Я продолжаю плакать, и мой родной старший брат как-то неловко толкает меня – и я падаю к Серёжке в объятия. И ревмя реву, хотя в объятиях Серёжка из чужого и страшно значительного становится родным-родным и обыкновенным. (Всё-таки что-то удивительное, что-то сродни чуду есть в объятиях, и зря люди их так редко пользуют, эти объятия и остальную трогательность!) Я стискиваю Серёжку изо всех сил и не вижу, как искривляется его лицо. Только чувствую, что мой родной старший брат пытается неловко оттащить меня от Серёжки, и слышу, как Серёжка говорит ему: «Не надо! Оставь!.. Слушай, а сходи в будку, через дорогу, купи мне газировки. Мать не разрешает, а мне очень хочется. Мать всё ещё верит… Короче, купи газировки и ананасных шоколадных конфет. И, чёрт его знает!.. Сосисок ещё купи жареных, противных таких, засаленных, в булке. С лотка на трамвайной остановке. Вот уж чего ни у матери, ни у Сашки не допросишься. Я так… Не то чтобы есть… Жрать я совсем уже не могу. Вкус хочу ощутить. А то ведь “там не будет ни крапивы, ни звёзд, ни пепельниц, ни книг”[7]… Там, правда, злющая старуха на входе…» – «Пронесу, будь спок!» – коротко кидает мой родной старший брат и уходит. Как-то совсем по-взрослому коротко кидает и совсем по-мужски уходит, по-военному развернувшись, как я видела на параде армии по телевизору. А я остаюсь с Серёжкой. Мне вдруг перестаёт хотеться плакать и рыдать, я отлепляюсь от него и вижу, что в его руку воткнута здоровенная игла. И мне вдруг кажется, что Серёжке не тринадцать. Мне кажется, что Серёжка старше и умнее моего дедушки. А это невозможно! Невозможно быть старше и умнее моего дедушки! Но такое кажется мне лишь на мгновение. Наверное, потому что обстановка непривычная. Серёжка смотрит на меня притворно-строго и спрашивает:
– Ты не забываешь каждое утро здороваться с солнцем и спрашивать, как у него дела?

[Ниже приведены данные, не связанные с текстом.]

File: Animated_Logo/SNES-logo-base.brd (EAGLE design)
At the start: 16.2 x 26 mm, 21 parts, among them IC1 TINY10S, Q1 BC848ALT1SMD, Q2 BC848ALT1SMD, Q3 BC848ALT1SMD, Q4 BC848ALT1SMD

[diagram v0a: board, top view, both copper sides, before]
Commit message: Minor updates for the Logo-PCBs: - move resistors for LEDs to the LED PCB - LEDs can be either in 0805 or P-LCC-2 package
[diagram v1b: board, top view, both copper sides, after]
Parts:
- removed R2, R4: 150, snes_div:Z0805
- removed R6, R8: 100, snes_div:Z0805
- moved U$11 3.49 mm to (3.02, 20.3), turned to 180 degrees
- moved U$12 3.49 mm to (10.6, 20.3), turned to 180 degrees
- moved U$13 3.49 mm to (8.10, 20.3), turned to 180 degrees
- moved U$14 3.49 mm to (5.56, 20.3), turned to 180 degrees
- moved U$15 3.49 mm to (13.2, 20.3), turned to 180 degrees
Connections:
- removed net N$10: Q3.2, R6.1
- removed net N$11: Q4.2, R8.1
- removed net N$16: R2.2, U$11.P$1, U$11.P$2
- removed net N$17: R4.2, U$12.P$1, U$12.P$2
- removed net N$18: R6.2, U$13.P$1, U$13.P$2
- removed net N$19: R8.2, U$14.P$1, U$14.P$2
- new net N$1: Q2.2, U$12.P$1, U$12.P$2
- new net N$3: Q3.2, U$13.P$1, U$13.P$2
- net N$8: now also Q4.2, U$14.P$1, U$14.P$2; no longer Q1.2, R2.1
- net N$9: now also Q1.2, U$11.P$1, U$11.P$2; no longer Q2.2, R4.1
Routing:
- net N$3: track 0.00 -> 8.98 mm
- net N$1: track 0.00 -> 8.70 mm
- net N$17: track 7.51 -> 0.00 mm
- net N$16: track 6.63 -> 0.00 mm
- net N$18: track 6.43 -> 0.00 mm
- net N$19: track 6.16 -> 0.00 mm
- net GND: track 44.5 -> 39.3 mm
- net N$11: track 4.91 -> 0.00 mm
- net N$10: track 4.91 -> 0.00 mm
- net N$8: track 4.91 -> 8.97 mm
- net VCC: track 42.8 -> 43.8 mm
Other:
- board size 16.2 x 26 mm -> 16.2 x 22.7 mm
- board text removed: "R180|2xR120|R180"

– Не забываю! – уверенно вру я, хотя иногда забываю. – Я вот что тебе принесла! – опоминаюсь и вытаскиваю из кармашков платья куски вишнёвой смолы.
– Какая ты умница! – говорит Серёжка и смеётся. И мы вместе с ним жуём смолу и делимся с прозрачным лысым малышом, и прозрачный лысый малыш тоже жуёт нашу смолу и смеётся вместе с нами. А потом Серёжка достаёт из-под подушки очередное письмо на английском и читает мне. И я понимаю только про «Хэллоу, сан!» – а дальше не понимаю ничего, но мне и не надо понимать, потому что мне так хорошо в этой палате, и солнце просвечивает сквозь неплотные шторы, и после письма я рассказываю Серёжке, что у меня новенького, и что я была в церкви при монастыре и познакомилась там с Даней, и как будет здорово, когда Серёжка вернётся, и я буду приходить к нему каждое утро и даже каждый вечер, если, конечно, никому не буду мешать, потому что у него скоро родится маленький братик или маленькая сестричка. Когда кто-то рождается, все начинают мешать, хотя на самом деле всё как раз наоборот: мешают не те, кто уже есть, а те, кто только родился, мешают тем, кто уже есть. Наконец я решаюсь спросить Серёжку о том, что меня так сейчас тревожит:
– Серёжка, а что у тебя с кровью не так? Она у тебя синяя и не течёт?!
– Примерно так! – смеётся Серёжка, и мне почему-то становится вовсе не так страшно, как можно было бы представить, если ты обнимаешься с человеком, у которого кровь синяя и не течёт!
– У нас с Серёжкой острый лимфобластный лейкоз! – важно говорит прозрачный лысый малыш. И мне даже как-то завидно становится, что малыш такой важный, а мне даже и похвастать нечем, потому что нет у меня ничего такого, что отличало бы меня от других обыкновенных детей.
– А я зато могу ночью сама сходить в летний дворовый туалет! – говорю я малышу.